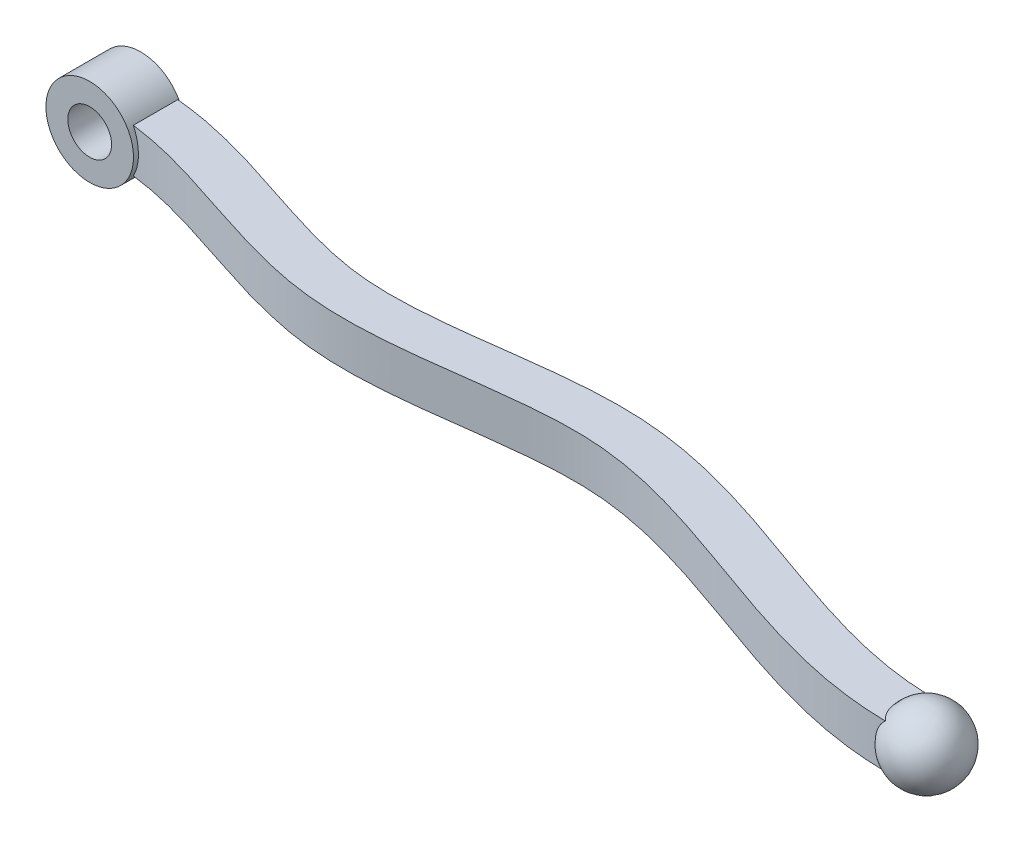
ISO-10303-21;
HEADER;
FILE_DESCRIPTION(('STEP AP214'),'2;1');
FILE_NAME('part.step','',(''),(''),'','','');
FILE_SCHEMA(('AUTOMOTIVE_DESIGN { 1 0 10303 214 1 1 1 1 }'));
ENDSEC;
DATA;
#1=APPLICATION_CONTEXT('core data for automotive mechanical design processes');
#2=APPLICATION_PROTOCOL_DEFINITION('international standard','automotive_design',2000,#1);
#3=PRODUCT_CONTEXT('',#1,'mechanical');
#4=PRODUCT('Part','Part','',(#3));
#5=PRODUCT_RELATED_PRODUCT_CATEGORY('part','',(#4));
#6=PRODUCT_DEFINITION_FORMATION('','',#4);
#7=PRODUCT_DEFINITION_CONTEXT('part definition',#1,'design');
#8=PRODUCT_DEFINITION('design','',#6,#7);
#9=PRODUCT_DEFINITION_SHAPE('','',#8);
#10=(LENGTH_UNIT() NAMED_UNIT(*) SI_UNIT(.MILLI.,.METRE.));
#11=(NAMED_UNIT(*) PLANE_ANGLE_UNIT() SI_UNIT($,.RADIAN.));
#12=(NAMED_UNIT(*) SI_UNIT($,.STERADIAN.) SOLID_ANGLE_UNIT());
#13=UNCERTAINTY_MEASURE_WITH_UNIT(LENGTH_MEASURE(1.E-05),#10,'distance_accuracy_value','');
#14=(GEOMETRIC_REPRESENTATION_CONTEXT(3) GLOBAL_UNCERTAINTY_ASSIGNED_CONTEXT((#13)) GLOBAL_UNIT_ASSIGNED_CONTEXT((#10,
#11,#12)) REPRESENTATION_CONTEXT('',''));
#15=CARTESIAN_POINT('',(0.,0.,0.));
#16=DIRECTION('',(0.,0.,1.));
#17=DIRECTION('',(1.,0.,0.));
#18=AXIS2_PLACEMENT_3D('',#15,#16,#17);
#19=CARTESIAN_POINT('',(0.,15.,35.));
#20=CARTESIAN_POINT('',(6.17517436119068,15.,34.731974317645));
#21=CARTESIAN_POINT('',(18.5152590668971,15.,35.0129620523412));
#22=CARTESIAN_POINT('',(37.170665590693,15.,37.5159365771395));
#23=CARTESIAN_POINT('',(56.0848541528443,15.,41.7258683164039));
#24=CARTESIAN_POINT('',(81.7128496258667,15.,49.0537300263205));
#25=CARTESIAN_POINT('',(108.020452626906,15.,58.038993524635));
#26=CARTESIAN_POINT('',(135.256646496752,15.,66.6168352504316));
#27=CARTESIAN_POINT('',(156.260387172786,15.,72.2743568299035));
#28=CARTESIAN_POINT('',(174.301613090213,15.,75.8428196764069));
#29=CARTESIAN_POINT('',(189.16582788812,15.,77.6735264325607));
#30=CARTESIAN_POINT('',(203.993330921939,15.,78.7259855332847));
#31=CARTESIAN_POINT('',(222.371445803012,15.,78.7967968973809));
#32=CARTESIAN_POINT('',(251.387993428798,15.,76.9754103970586));
#33=CARTESIAN_POINT('',(286.850532323347,15.,72.3875505012103));
#34=CARTESIAN_POINT('',(321.01038950864,15.,67.8884128099835));
#35=CARTESIAN_POINT('',(347.295858138639,15.,66.0380232053965));
#36=CARTESIAN_POINT('',(363.238954323608,15.,65.9212515464109));
#37=CARTESIAN_POINT('',(375.651284697129,15.,66.6337301279932));
#38=CARTESIAN_POINT('',(388.109822122064,15.,67.9093061522835));
#39=CARTESIAN_POINT('',(403.749690687974,15.,70.4723026037993));
#40=CARTESIAN_POINT('',(422.682260498997,15.,74.8769392581122));
#41=CARTESIAN_POINT('',(448.174732674391,15.,82.194518923164));
#42=CARTESIAN_POINT('',(480.555456963175,15.,93.408377778443));
#43=CARTESIAN_POINT('',(520.427662961586,15.,107.943611619436));
#44=CARTESIAN_POINT('',(554.767112986753,15.,118.972911004134));
#45=CARTESIAN_POINT('',(583.115711960437,15.,125.872568026111));
#46=CARTESIAN_POINT('',(604.860049285225,15.,129.74335851196));
#47=CARTESIAN_POINT('',(623.423539204423,15.,131.586992844284));
#48=CARTESIAN_POINT('',(638.512385714024,15.,132.052047052945));
#49=CARTESIAN_POINT('',(646.184378032833,15.,131.915612276124));
#50=CARTESIAN_POINT('',(650.,15.,131.750000000001));
#51=B_SPLINE_CURVE_WITH_KNOTS('',3,(#19,#20,#21,#22,#23,#24,#25,#26,#27,#28,#29,#30,#31,#32,#33,
#34,#35,#36,#37,#38,#39,#40,#41,#42,#43,#44,#45,#46,#47,#48,#49,#50),.UNSPECIFIED.,.F.,.F.,(4,1,
1,1,1,1,1,1,1,1,1,1,1,1,1,1,1,1,1,1,1,1,1,1,1,1,1,1,1,4),(0.,0.03125,0.0625,0.09375,0.125,
0.1875,0.21875,0.25,0.28125,0.296875,0.3125,0.34375,0.375,0.4375,0.5,0.53125,0.5625,0.578125,
0.59375,0.625,0.65625,0.6875,0.75,0.8125,0.875,0.90625,0.9375,0.96875,0.984375,1.),.UNSPECIFIED.);
#52=DIRECTION('',(0.,-1.,0.));
#53=VECTOR('',#52,1.);
#54=SURFACE_OF_LINEAR_EXTRUSION('',#51,#53);
#55=CARTESIAN_POINT('',(638.195924558769,15.9,131.95734842183));
#56=CARTESIAN_POINT('',(637.894570314862,15.6785446644378,131.954999735885));
#57=CARTESIAN_POINT('',(637.599257893205,15.4488649721107,131.95211635253));
#58=CARTESIAN_POINT('',(637.021613827236,14.9736697841532,131.945439108632));
#59=CARTESIAN_POINT('',(636.739283742276,14.7281523946691,131.941645139054));
#60=CARTESIAN_POINT('',(636.188565387513,14.2219400509218,131.933306146985));
#61=CARTESIAN_POINT('',(635.920177560876,13.9612446147703,131.928761100641));
#62=CARTESIAN_POINT('',(635.398126993235,13.4252709728365,131.919082994936));
#63=CARTESIAN_POINT('',(635.144471369269,13.1499858396722,131.913949654877));
#64=CARTESIAN_POINT('',(634.652901575116,12.585724987124,131.903263833395));
#65=CARTESIAN_POINT('',(634.414986609225,12.2967499610459,131.897711373188));
#66=CARTESIAN_POINT('',(633.955730408986,11.7059517471681,131.886354016619));
#67=CARTESIAN_POINT('',(633.73438892431,11.4041287535329,131.880549124071));
#68=CARTESIAN_POINT('',(633.202333112493,10.6340178862685,131.865915185896));
#69=CARTESIAN_POINT('',(632.902477519025,10.1581686808668,131.857029710133));
#70=CARTESIAN_POINT('',(632.344334183445,9.18257054460259,131.839589566832));
#71=CARTESIAN_POINT('',(632.086051090729,8.68281894863443,131.831034936375));
#72=CARTESIAN_POINT('',(631.731567268829,7.91821330210677,131.81881983755));
#73=CARTESIAN_POINT('',(631.618909935244,7.66088637833989,131.814851470979));
#74=CARTESIAN_POINT('',(631.40479035683,7.14169872020797,131.80717395411));
#75=CARTESIAN_POINT('',(631.303324978695,6.87983927864209,131.803464731368));
#76=CARTESIAN_POINT('',(631.015998370122,6.08800922344957,131.79280168816));
#77=CARTESIAN_POINT('',(630.847180054931,5.55172949864519,131.786311555705));
#78=CARTESIAN_POINT('',(630.558846250388,4.47496489770005,131.775009456908));
#79=CARTESIAN_POINT('',(630.438613357828,3.93467110930847,131.770173247125));
#80=CARTESIAN_POINT('',(630.244779876741,2.84574665500178,131.762288349299));
#81=CARTESIAN_POINT('',(630.171179001117,2.29711604043473,131.75923965025));
#82=CARTESIAN_POINT('',(630.071250662828,1.19546682234067,131.755084183748));
#83=CARTESIAN_POINT('',(630.044931455299,0.642447469488645,131.753977755405));
#84=CARTESIAN_POINT('',(630.039819655896,-0.463809329990071,131.753763550033));
#85=CARTESIAN_POINT('',(630.061026538549,-1.01704677413781,131.754655750907));
#86=CARTESIAN_POINT('',(630.150021520577,-2.11034716661921,131.758362078123));
#87=CARTESIAN_POINT('',(630.217017598074,-2.65047490029594,131.761143521006));
#88=CARTESIAN_POINT('',(630.3961987977,-3.72316399194545,131.768458272102));
#89=CARTESIAN_POINT('',(630.508383490362,-4.25572542177775,131.772991563664));
#90=CARTESIAN_POINT('',(630.776999294202,-5.30951905707487,131.783586064016));
#91=CARTESIAN_POINT('',(630.93342808363,-5.83075185547495,131.789647192631));
#92=CARTESIAN_POINT('',(631.289245455557,-6.85831339171597,131.802993858304));
#93=CARTESIAN_POINT('',(631.488633641488,-7.36464226708861,131.81027938406));
#94=CARTESIAN_POINT('',(631.929745721746,-8.36120713243635,131.825736584102));
#95=CARTESIAN_POINT('',(632.171655456075,-8.85136077357803,131.83391208571));
#96=CARTESIAN_POINT('',(632.695283629612,-9.80995244967019,131.850687226955));
#97=CARTESIAN_POINT('',(632.97700483602,-10.2783889721073,131.859286896049));
#98=CARTESIAN_POINT('',(633.577946676906,-11.1903377037503,131.876427910999));
#99=CARTESIAN_POINT('',(633.89715661922,-11.6338569665144,131.884969272753));
#100=CARTESIAN_POINT('',(634.570679602125,-12.4932751109805,131.901487990635));
#101=CARTESIAN_POINT('',(634.924983559343,-12.9091810935113,131.909465491795));
#102=CARTESIAN_POINT('',(635.51599545667,-13.5485604816921,131.921327285926));
#103=CARTESIAN_POINT('',(635.742253118456,-13.7817825370454,131.925561350362));
#104=CARTESIAN_POINT('',(636.20573006249,-14.2371324003574,131.933538419752));
#105=CARTESIAN_POINT('',(636.442949985765,-14.4592595579483,131.937281395941));
#106=CARTESIAN_POINT('',(636.927222130601,-14.8914771695121,131.94416090998));
#107=CARTESIAN_POINT('',(637.17425277143,-15.1015918048191,131.947298698667));
#108=CARTESIAN_POINT('',(637.677984156241,-15.5098619828727,131.952874231793));
#109=CARTESIAN_POINT('',(637.934684180431,-15.7080184129454,131.955312028225));
#110=CARTESIAN_POINT('',(638.195924558768,-15.8999999999999,131.95734842183));
#111=B_SPLINE_CURVE_WITH_KNOTS('',3,(#55,#56,#57,#58,#59,#60,#61,#62,#63,#64,#65,#66,#67,#68,
#69,#70,#71,#72,#73,#74,#75,#76,#77,#78,#79,#80,#81,#82,#83,#84,#85,#86,#87,#88,#89,#90,#91,#92,
#93,#94,#95,#96,#97,#98,#99,#100,#101,#102,#103,#104,#105,#106,#107,#108,#109,#110),
.UNSPECIFIED.,.F.,.F.,(4,2,2,2,2,2,2,2,2,2,2,2,2,2,2,2,2,2,2,2,2,2,2,2,2,2,2,4),(0.,
1.12181374258616,2.24376187993795,3.365745657502,4.48826702574124,5.61073160607074,
6.73317922920454,8.41863022886261,10.1042695956418,10.9468474937354,11.7891889012681,
13.4736825778844,15.1323046828638,16.7909165762189,18.4498180265452,20.1087011352737,
21.7395932272051,23.370469819684,25.0012608462818,26.632036819406,28.2701258208926,
29.9083287380829,31.5460655528978,33.1833795749493,34.1579492958617,35.1325760778366,
36.1051663375605,37.0776843399197),.UNSPECIFIED.);
#112=CARTESIAN_POINT('',(637.057786759856,15.,131.94572220257));
#113=VERTEX_POINT('',#112);
#114=CARTESIAN_POINT('',(637.057786759856,-15.,131.94572220257));
#115=VERTEX_POINT('',#114);
#116=EDGE_CURVE('E62',#113,#115,#111,.T.);
#117=ORIENTED_EDGE('',*,*,#116,.F.);
#118=CARTESIAN_POINT('',(25.9807621135333,15.,36.1067285157905));
#119=VERTEX_POINT('',#118);
#120=EDGE_CURVE('E110',#119,#113,#51,.T.);
#121=ORIENTED_EDGE('',*,*,#120,.F.);
#122=CARTESIAN_POINT('',(25.9807621135332,-15.,36.1067285157905));
#123=CARTESIAN_POINT('',(26.2600424669185,-14.5163057478586,36.1406430030905));
#124=CARTESIAN_POINT('',(26.5258169359242,-14.0247427012194,36.1735486600508));
#125=CARTESIAN_POINT('',(27.0295791276363,-13.0274208438923,36.2369019313054));
#126=CARTESIAN_POINT('',(27.2675666571903,-12.5216619345563,36.2673495285128));
#127=CARTESIAN_POINT('',(27.7149758685806,-11.4974974471056,36.3253457860622));
#128=CARTESIAN_POINT('',(27.92439757849,-10.9790918814201,36.3528944492531));
#129=CARTESIAN_POINT('',(28.3138101407129,-9.93176637046776,36.4046829057796));
#130=CARTESIAN_POINT('',(28.4938295469772,-9.40285719254405,36.428925905574));
#131=CARTESIAN_POINT('',(28.8241008736625,-8.33565605679289,36.4737978078332));
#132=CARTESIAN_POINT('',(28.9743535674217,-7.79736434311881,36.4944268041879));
.....
## About this exercise
Everything starting at the line containing "#7=PRODUCT_DEFINITION_CONTEXT('part definition',#1,'design');" and ending at the line containing "#38=CARTESIAN_POINT('',(388.109822122064,15.,67.9093061522835));" in the records above should be repeated exactly, and only that.

## Final answer
#7=PRODUCT_DEFINITION_CONTEXT('part definition',#1,'design');
#8=PRODUCT_DEFINITION('design','',#6,#7);
#9=PRODUCT_DEFINITION_SHAPE('','',#8);
#10=(LENGTH_UNIT() NAMED_UNIT(*) SI_UNIT(.MILLI.,.METRE.));
#11=(NAMED_UNIT(*) PLANE_ANGLE_UNIT() SI_UNIT($,.RADIAN.));
#12=(NAMED_UNIT(*) SI_UNIT($,.STERADIAN.) SOLID_ANGLE_UNIT());
#13=UNCERTAINTY_MEASURE_WITH_UNIT(LENGTH_MEASURE(1.E-05),#10,'distance_accuracy_value','');
#14=(GEOMETRIC_REPRESENTATION_CONTEXT(3) GLOBAL_UNCERTAINTY_ASSIGNED_CONTEXT((#13)) GLOBAL_UNIT_ASSIGNED_CONTEXT((#10,
#11,#12)) REPRESENTATION_CONTEXT('',''));
#15=CARTESIAN_POINT('',(0.,0.,0.));
#16=DIRECTION('',(0.,0.,1.));
#17=DIRECTION('',(1.,0.,0.));
#18=AXIS2_PLACEMENT_3D('',#15,#16,#17);
#19=CARTESIAN_POINT('',(0.,15.,35.));
#20=CARTESIAN_POINT('',(6.17517436119068,15.,34.731974317645));
#21=CARTESIAN_POINT('',(18.5152590668971,15.,35.0129620523412));
#22=CARTESIAN_POINT('',(37.170665590693,15.,37.5159365771395));
#23=CARTESIAN_POINT('',(56.0848541528443,15.,41.7258683164039));
#24=CARTESIAN_POINT('',(81.7128496258667,15.,49.0537300263205));
#25=CARTESIAN_POINT('',(108.020452626906,15.,58.038993524635));
#26=CARTESIAN_POINT('',(135.256646496752,15.,66.6168352504316));
#27=CARTESIAN_POINT('',(156.260387172786,15.,72.2743568299035));
#28=CARTESIAN_POINT('',(174.301613090213,15.,75.8428196764069));
#29=CARTESIAN_POINT('',(189.16582788812,15.,77.6735264325607));
#30=CARTESIAN_POINT('',(203.993330921939,15.,78.7259855332847));
#31=CARTESIAN_POINT('',(222.371445803012,15.,78.7967968973809));
#32=CARTESIAN_POINT('',(251.387993428798,15.,76.9754103970586));
#33=CARTESIAN_POINT('',(286.850532323347,15.,72.3875505012103));
#34=CARTESIAN_POINT('',(321.01038950864,15.,67.8884128099835));
#35=CARTESIAN_POINT('',(347.295858138639,15.,66.0380232053965));
#36=CARTESIAN_POINT('',(363.238954323608,15.,65.9212515464109));
#37=CARTESIAN_POINT('',(375.651284697129,15.,66.6337301279932));
#38=CARTESIAN_POINT('',(388.109822122064,15.,67.9093061522835));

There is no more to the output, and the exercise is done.